Fig. 1. Ocular findings of a 40-year-old man with bilateral, idiopathic chronic anterior and intermediate uveitis. The top panels show different colored irises (heterochromia) between the right and left eyes and transillumination defects that are prominent in the left eye because of iris atrophy (lower panels). These findings are suggestive of viral-related uveitis. (From Doan T, et al. Genome Med. 2016;8[1]:90. Original publisher: BioMed Central.)

At one point, the patient had a diagnostic and therapeutic vitrectomy—removal of all vitreous fluid—and the fluid was sent for testing. “In ophthalmology, we are very elementary in microbiology diagnosis compared to neurology and other fields,” Dr. Doan says. “Here at the Proctor Foundation we have one of the biggest panels available in the U.S., and we only do PCR for four organisms—herpes simplex virus, Toxoplasma, varicella-zoster virus, and cytomegalovirus—as well as bacterial and fungal cultures.” Again, all tests were negative.
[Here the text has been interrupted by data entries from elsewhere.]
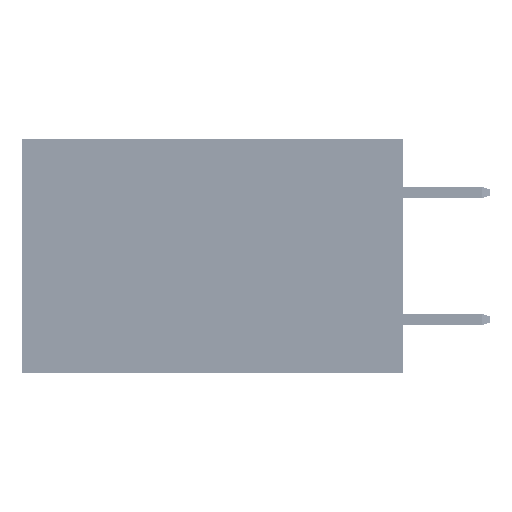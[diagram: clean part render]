
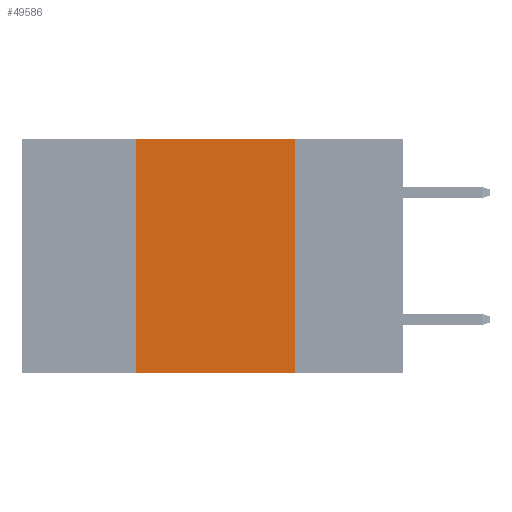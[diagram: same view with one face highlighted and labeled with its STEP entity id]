
A CAD part, left-side view. The second image highlights one B-rep face of the part: STEP entity #49586.
In plain terms, the highlighted planar face has unit normal (-1, 0, 0).
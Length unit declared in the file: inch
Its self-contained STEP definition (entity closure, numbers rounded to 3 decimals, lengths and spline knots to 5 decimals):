
#2658 = EDGE_LOOP ( 'NONE', ( #11591, #9996, #39149, #28155 ) ) ;
#5719 = LINE ( 'NONE', #14298, #18707 ) ;
#6321 = VERTEX_POINT ( 'NONE', #43427 ) ;
#8022 = CARTESIAN_POINT ( 'NONE',  ( 0., 0.6, 0. ) ) ;
#9056 = FACE_OUTER_BOUND ( 'NONE', #2658, .T. ) ;
#9875 = DIRECTION ( 'NONE',  ( 0., 0., 1. ) ) ;
#9996 = ORIENTED_EDGE ( 'NONE', *, *, #17788, .F. ) ;
#11591 = ORIENTED_EDGE ( 'NONE', *, *, #16484, .F. ) ;
#12169 = CARTESIAN_POINT ( 'NONE',  ( 0., 0.17, 0. ) ) ;
#12695 = DIRECTION ( 'NONE',  ( 0., 0., -1. ) ) ;
#14298 = CARTESIAN_POINT ( 'NONE',  ( 0., 0.42, 0. ) ) ;
#14316 = DIRECTION ( 'NONE',  ( 0., -1., 0. ) ) ;
#15808 = LINE ( 'NONE', #8022, #39528 ) ;
#16193 = EDGE_CURVE ( 'NONE', #29165, #6321, #5719, .T. ) ;
#16332 = CARTESIAN_POINT ( 'NONE',  ( 0., 0.6, 0. ) ) ;
#16484 = EDGE_CURVE ( 'NONE', #34441, #18565, #48260, .T. ) ;
#17788 = EDGE_CURVE ( 'NONE', #6321, #34441, #15808, .T. ) ;
#18565 = VERTEX_POINT ( 'NONE', #22460 ) ;
#18707 = VECTOR ( 'NONE', #9875, 39.37008 ) ;
#18711 = CARTESIAN_POINT ( 'NONE',  ( 0., 0.6, -0.37 ) ) ;
#22460 = CARTESIAN_POINT ( 'NONE',  ( 0., 0.17, -0.37 ) ) ;
#24907 = PLANE ( 'NONE',  #41916 ) ;
#28155 = ORIENTED_EDGE ( 'NONE', *, *, #43136, .T. ) ;
#29165 = VERTEX_POINT ( 'NONE', #37642 ) ;
#32676 = DIRECTION ( 'NONE',  ( 0., 0., -1. ) ) ;
#34441 = VERTEX_POINT ( 'NONE', #37696 ) ;
#37642 = CARTESIAN_POINT ( 'NONE',  ( 0., 0.42, -0.37 ) ) ;
#37696 = CARTESIAN_POINT ( 'NONE',  ( 0., 0.17, 0. ) ) ;
#39149 = ORIENTED_EDGE ( 'NONE', *, *, #16193, .F. ) ;
#39528 = VECTOR ( 'NONE', #50387, 39.37008 ) ;
#40286 = LINE ( 'NONE', #18711, #42407 ) ;
#40999 = DIRECTION ( 'NONE',  ( 1., 0., 0. ) ) ;
#41916 = AXIS2_PLACEMENT_3D ( 'NONE', #16332, #40999, #12695 ) ;
#42407 = VECTOR ( 'NONE', #14316, 39.37008 ) ;
#43136 = EDGE_CURVE ( 'NONE', #29165, #18565, #40286, .T. ) ;
#43427 = CARTESIAN_POINT ( 'NONE',  ( 0., 0.42, 0. ) ) ;
#45300 = VECTOR ( 'NONE', #32676, 39.37008 ) ;
#48260 = LINE ( 'NONE', #12169, #45300 ) ;
#49586 = ADVANCED_FACE ( 'NONE', ( #9056 ), #24907, .F. ) ;
#50387 = DIRECTION ( 'NONE',  ( 0., -1., 0. ) ) ;

“Without an infectious cause, I was about to go to immunosuppression again,” Dr. Doan says.

She had one last recourse. She knew about Dr. DeRisi and Dr. Wilson’s work with MDS in the encephalitis case. So she sought their help in using MDS on the uveitis patient. “We were able to adapt the technology to analyze the patient’s aqueous fluid,” Dr. Doan says. When she saw the result, she says, “I almost fell off my chair. It clearly showed rubella virus. There was no doubt that it was the organism.” Later, the patient reported he had a full body rash and fever that resolved quickly when he was 17 years old.

The sequencing was done in Dr. DeRisi’s research laboratory. To verify the result in a CLIA-certified facility for clinical diagnostic purposes, they had the California Department of Public Health do PCR for rubella, which validated the MDS finding. Rubella was confirmed also at the Centers for Disease Control and Prevention.
“In neurology and ophthalmology pretty much the first thing to do is to determine whether the patient has an infectious or autoimmune etiology,” Dr. Doan says. “If you make a mistake, the patient can potentially die. This technology is perfect for that situation.” It can not only give a positive diagnosis but also rule out infection. “If we can’t find a pathogen [with MDS], it’s probably not there,” she says. “Then you can feel comfortable to give the patient steroids.”

On the other hand, Dr. Doan calls giving steroids in the face of an undiagnosed infection “a futile treatment.

“It makes inflammation worse. Now I know how to manage this patient. It doesn’t have to be anti-inflammatory drugs or immunosuppression.”

Unfortunately, there is no specific antiviral agent for rubella, as there is for herpes. Supportive treatment would be to control high eye pressure and, most important, to do no harm. The latter principle is not simply anodyne. “This patient was on high-dose prednisone for many months and now has osteoporosis as a result,” Dr. Doan says. Perhaps future patients with uveitis from an infectious agent will not have to be subject to futile therapy.